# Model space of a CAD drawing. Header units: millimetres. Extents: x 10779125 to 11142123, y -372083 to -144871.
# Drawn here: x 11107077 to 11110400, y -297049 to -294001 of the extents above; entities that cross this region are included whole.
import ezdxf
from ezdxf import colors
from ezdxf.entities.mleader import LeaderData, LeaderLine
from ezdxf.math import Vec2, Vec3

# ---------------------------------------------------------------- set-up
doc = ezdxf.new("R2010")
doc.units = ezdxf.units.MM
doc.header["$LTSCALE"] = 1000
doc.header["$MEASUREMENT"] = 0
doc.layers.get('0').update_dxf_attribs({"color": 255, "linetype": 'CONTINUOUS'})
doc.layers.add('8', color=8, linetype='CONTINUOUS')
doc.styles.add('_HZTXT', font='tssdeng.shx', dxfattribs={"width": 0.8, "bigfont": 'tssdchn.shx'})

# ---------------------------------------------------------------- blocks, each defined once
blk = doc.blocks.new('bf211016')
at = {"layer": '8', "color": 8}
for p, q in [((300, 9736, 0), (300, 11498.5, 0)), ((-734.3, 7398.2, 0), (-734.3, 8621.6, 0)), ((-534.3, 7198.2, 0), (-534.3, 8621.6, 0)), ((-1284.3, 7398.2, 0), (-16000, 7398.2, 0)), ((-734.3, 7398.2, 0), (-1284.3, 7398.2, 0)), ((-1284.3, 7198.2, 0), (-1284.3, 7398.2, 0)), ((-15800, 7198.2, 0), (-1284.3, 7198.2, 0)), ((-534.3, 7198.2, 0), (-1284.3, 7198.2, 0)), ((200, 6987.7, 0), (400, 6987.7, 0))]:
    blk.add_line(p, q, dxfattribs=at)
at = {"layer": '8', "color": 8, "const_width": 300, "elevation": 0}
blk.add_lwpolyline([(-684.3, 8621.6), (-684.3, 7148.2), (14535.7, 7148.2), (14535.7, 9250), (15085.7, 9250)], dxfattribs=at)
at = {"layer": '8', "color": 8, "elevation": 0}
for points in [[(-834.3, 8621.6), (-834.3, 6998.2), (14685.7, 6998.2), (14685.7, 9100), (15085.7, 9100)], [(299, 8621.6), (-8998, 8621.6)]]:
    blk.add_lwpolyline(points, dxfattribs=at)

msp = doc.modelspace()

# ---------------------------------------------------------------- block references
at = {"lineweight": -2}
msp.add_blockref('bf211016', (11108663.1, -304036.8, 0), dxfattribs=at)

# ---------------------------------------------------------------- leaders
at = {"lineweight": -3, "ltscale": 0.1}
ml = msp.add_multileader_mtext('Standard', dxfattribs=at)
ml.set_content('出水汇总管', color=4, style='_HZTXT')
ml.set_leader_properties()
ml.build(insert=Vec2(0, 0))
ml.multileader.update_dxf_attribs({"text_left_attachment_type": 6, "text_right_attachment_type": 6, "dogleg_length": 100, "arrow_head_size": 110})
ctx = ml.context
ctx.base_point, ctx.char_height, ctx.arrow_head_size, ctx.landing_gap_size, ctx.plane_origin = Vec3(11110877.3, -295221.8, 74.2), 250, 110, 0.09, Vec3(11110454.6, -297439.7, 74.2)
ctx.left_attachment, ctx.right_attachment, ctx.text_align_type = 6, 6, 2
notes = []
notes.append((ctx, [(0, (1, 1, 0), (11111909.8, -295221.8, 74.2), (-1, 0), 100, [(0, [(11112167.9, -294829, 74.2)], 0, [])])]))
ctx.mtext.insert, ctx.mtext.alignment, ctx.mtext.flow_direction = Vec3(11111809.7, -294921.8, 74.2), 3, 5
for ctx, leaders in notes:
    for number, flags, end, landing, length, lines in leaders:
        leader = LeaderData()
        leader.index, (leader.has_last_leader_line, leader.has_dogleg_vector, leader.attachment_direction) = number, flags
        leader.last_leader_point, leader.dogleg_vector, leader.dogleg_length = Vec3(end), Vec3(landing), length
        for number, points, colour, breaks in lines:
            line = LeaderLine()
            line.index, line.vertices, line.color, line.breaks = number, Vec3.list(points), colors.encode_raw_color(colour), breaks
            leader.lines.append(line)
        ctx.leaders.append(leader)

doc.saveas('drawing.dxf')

################

- Try it -
Go through the records and count every line with the word "CONTINUOUS"; the answer is the number alone.

- Exercise answer -
2